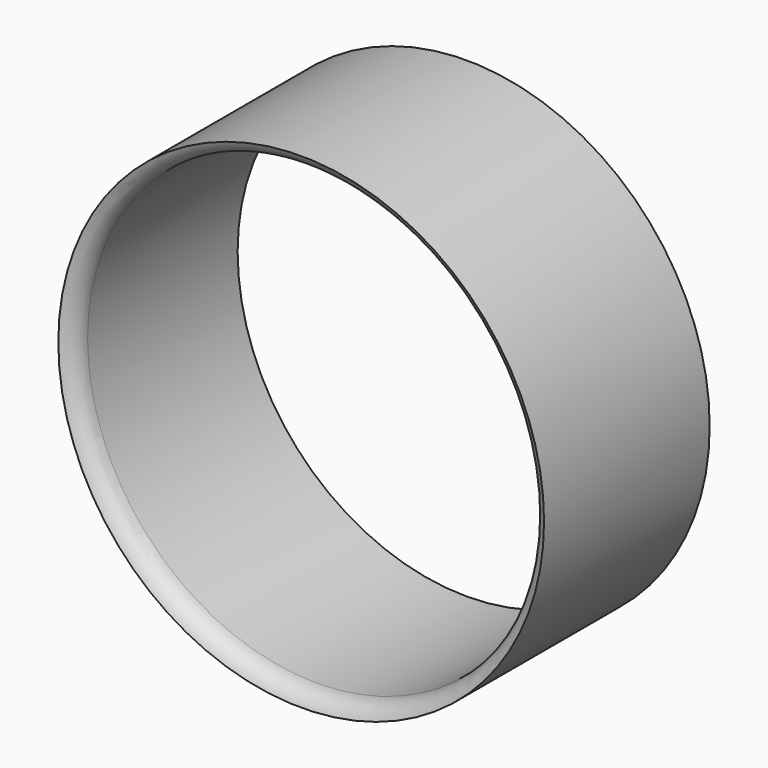
from build123d import *

# Parameters (mm, degrees)
F0_R     = 59.590133007
F0_R_2   = 56.2308790167
F1_DEPTH = 50.8


# Not quite as in the source:
# - a fillet or chamfer that OpenCascade refuses, or shapes differently, is made with other operations: its cross-section is extruded or revolved along the edge and cut away or added


with BuildPart() as f1:
    # F0 (on Front) → F1 (new body)
    with BuildSketch(Plane.XZ):
        Circle(F0_R)
        Circle(F0_R_2, mode=Mode.SUBTRACT)
    extrude(amount=F1_DEPTH)

    # F2: fillet of radius 5.08 on 1 edges, made by hand

    # F2_s1 → F2_t2 (revolve, cut)
    with BuildSketch(Plane.XY):
        with BuildLine():
            ThreePointArc((56.2308790167, -46.0203103479), (57.154691477, -48.9413555608), (59.590133007, -50.8))
            Line((59.590133007, -50.8), (56.2308790167, -50.8))
            Line((56.2308790167, -50.8), (56.2308790167, -46.0203103479))
        make_face()
    revolve(axis=Axis((0, -50.8, 0), (0, -1, 0)), mode=Mode.SUBTRACT)


solid = f1.part
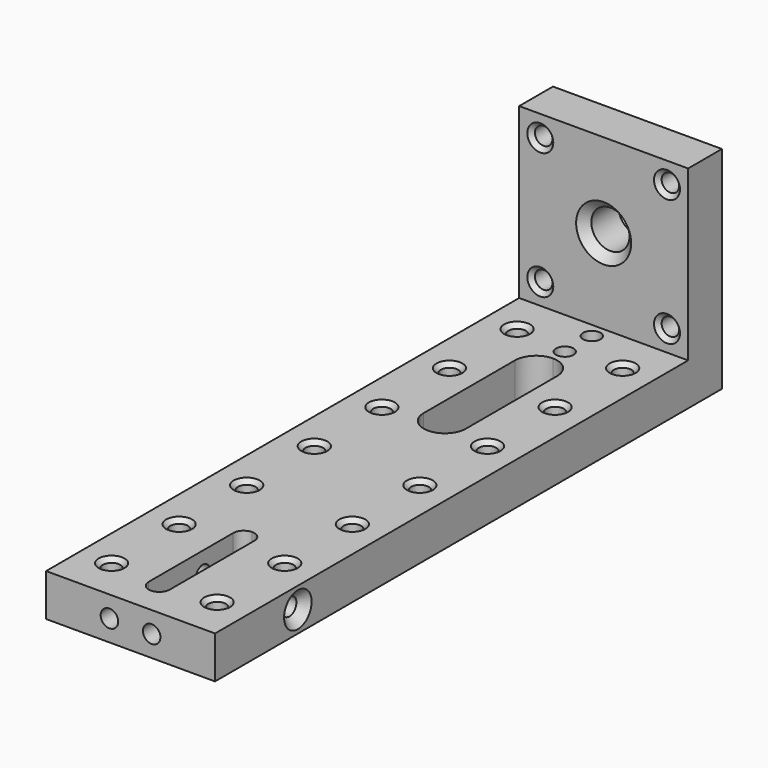
from build123d import *

# Parameters (mm, degrees)
F0_W      = 40
F0_H      = 50
F0_R      = 2.074
F0_R_2    = 4.515
F1_DEPTH  = 10
F2_W      = 40
F2_H      = 10
F3_DEPTH  = 140
F4_SIZE   = 1
F5_SIZE   = 2
F6_W      = 10
F6_H      = 37
F7_DEPTH  = 10
F8_R      = 4.99999
F9_R      = 2.074
F10_DEPTH = 10
F11_R     = 2.074
F12_DEPTH = 10.001
F13_R     = 2.074
F14_DEPTH = 16
F15_SIZE  = 1
F16_SIZE  = 1
F17_W     = 5
F17_H     = 30
F18_DEPTH = 10.001
F19_R     = 2.49999
F20_R     = 2.074
F21_DEPTH = 40.001
F22_SIZE  = 2


# Not quite as in the source:
# - a fillet or chamfer is up to 0.001 mm smaller than in the source, because OpenCascade refuses the exact size


with BuildPart() as f1:
    # F0 (on Front) → F1 (new body)
    with BuildSketch(Plane.XZ):
        with Locations((0, -5)):
            Rectangle(F0_W, F0_H)
        with Locations((-15, -15)):
            Circle(F0_R, mode=Mode.SUBTRACT)
        with Locations((15, -15)):
            Circle(F0_R, mode=Mode.SUBTRACT)
        with Locations((-15, 15)):
            Circle(F0_R, mode=Mode.SUBTRACT)
        Circle(F0_R_2, mode=Mode.SUBTRACT)
        with Locations((15, 15)):
            Circle(F0_R, mode=Mode.SUBTRACT)
    extrude(amount=F1_DEPTH)

    # F2 (on face) → F3 (join)
    with BuildSketch(Plane.XZ.offset(10)):
        with Locations((0, -25)):
            Rectangle(F2_W, F2_H)
    extrude(amount=F3_DEPTH)

    # F4
    f4_edges = [f1.edges().sort_by_distance(p)[0] for p in [
        (-17.074, -10, 15),
        (12.926, -10, 15),
        (12.926, -10, -15),
        (-17.074, -10, -15),
    ]]
    chamfer(f4_edges, length=F4_SIZE)

    # F5
    f5_edges = [f1.edges().sort_by_distance(p)[0] for p in [
        (-4.515, -10, 0),
    ]]
    chamfer(f5_edges, length=F5_SIZE)

    # F6 (on face) → F7 (cut, through all)
    with BuildSketch(Plane.XY.offset(-20)):
        with Locations((0, -43.5)):
            Rectangle(F6_W, F6_H)
    extrude(amount=-F7_DEPTH, mode=Mode.SUBTRACT)

    # F8 (radius 5 in the source; OpenCascade refuses exactly that, so slightly less here)
    f8_edges = [f1.edges().sort_by_distance(p)[0] for p in [
        (5, -62, -25),
        (-5, -62, -25),
        (5, -25, -25),
        (-5, -25, -25),
    ]]
    fillet(f8_edges, radius=F8_R)

    # F9 (on face) → F10 (cut, through all)
    with BuildSketch(Plane.XY.offset(-20)):
        with Locations((-12.5, -140)):
            Circle(F9_R)
        with Locations((-12.5, -120)):
            Circle(F9_R)
        with Locations((-12.5, -100)):
            Circle(F9_R)
        with Locations((-12.5, -80)):
            Circle(F9_R)
        with Locations((-12.5, -60)):
            Circle(F9_R)
        with Locations((12.5, -60)):
            Circle(F9_R)
        with Locations((12.5, -80)):
            Circle(F9_R)
        with Locations((12.5, -100)):
            Circle(F9_R)
        with Locations((12.5, -140)):
            Circle(F9_R)
        with Locations((12.5, -120)):
            Circle(F9_R)
        with Locations((-12.5, -40)):
            Circle(F9_R)
        with Locations((-12.5, -20)):
            Circle(F9_R)
        with Locations((12.5, -40)):
            Circle(F9_R)
        with Locations((12.5, -20)):
            Circle(F9_R)
    extrude(amount=-F10_DEPTH, mode=Mode.SUBTRACT)

    # F11 (on face) → F12 (cut, through all)
    with BuildSketch(Plane.XY.offset(-20)):
        with Locations((0, -13.5)):
            Circle(F11_R)
        with Locations((0, -21.5)):
            Circle(F11_R)
    extrude(amount=-F12_DEPTH, mode=Mode.SUBTRACT)

    # F13 (on face) → F14 (cut)
    with BuildSketch(Plane.XZ.offset(150)):
        with Locations((-5, -25)):
            Circle(F13_R)
        with Locations((5, -25)):
            Circle(F13_R)
    extrude(amount=-F14_DEPTH, mode=Mode.SUBTRACT)

    # F15
    f15_edges = [f1.edges().sort_by_distance(p)[0] for p in [
        (-2.074, -21.5, -30),
        (-2.074, -13.5, -30),
    ]]
    chamfer(f15_edges, length=F15_SIZE)

    # F16
    f16_edges = [f1.edges().sort_by_distance(p)[0] for p in [
        (-14.574, -140, -20),
        (10.426, -140, -20),
        (10.426, -120, -20),
        (-14.574, -120, -20),
        (10.426, -100, -20),
        (-14.574, -100, -20),
        (10.426, -80, -20),
        (-14.574, -80, -20),
        (10.426, -60, -20),
        (-14.574, -60, -20),
        (-14.574, -40, -20),
        (10.426, -40, -20),
        (-10.426, -20, -25),
        (-14.574, -20, -20),
        (-14.574, -20, -30),
        (14.574, -20, -25),
        (10.426, -20, -20),
        (10.426, -20, -30),
    ]]
    chamfer(f16_edges, length=F16_SIZE)

    # F17 (on face) → F18 (cut, through all)
    with BuildSketch(Plane.XY.offset(-20)):
        with Locations((0, -129)):
            Rectangle(F17_W, F17_H)
    extrude(amount=-F18_DEPTH, mode=Mode.SUBTRACT)

    # F19 (radius 2.5 in the source; OpenCascade refuses exactly that, so slightly less here)
    f19_edges = [f1.edges().sort_by_distance(p)[0] for p in [
        (-2.5, -144, -25),
        (2.5, -144, -25),
        (-2.5, -114, -25),
        (2.5, -114, -25),
    ]]
    fillet(f19_edges, radius=F19_R)

    # F20 (on face) → F21 (cut, through all)
    with BuildSketch(Plane(origin=(-20, 0, 0), x_dir=(0, -1, 0), z_dir=(-1, 0, 0))):
        with Locations((125.5, -25)):
            Circle(F20_R)
    extrude(amount=-F21_DEPTH, mode=Mode.SUBTRACT)

    # F22
    f22_edges = [f1.edges().sort_by_distance(p)[0] for p in [
        (-20, -123.426, -25),
        (20, -123.426, -25),
    ]]
    chamfer(f22_edges, length=F22_SIZE)


solid = f1.part

The problem
If a line in the material holds "source", copy it.

Task answer
# Not quite as in the source:
# Not quite as in the source:
# - a fillet or chamfer is up to 0.001 mm smaller than in the source, because OpenCascade refuses the exact size
    # F8 (radius 5 in the source; OpenCascade refuses exactly that, so slightly less here)
    # F19 (radius 2.5 in the source; OpenCascade refuses exactly that, so slightly less here)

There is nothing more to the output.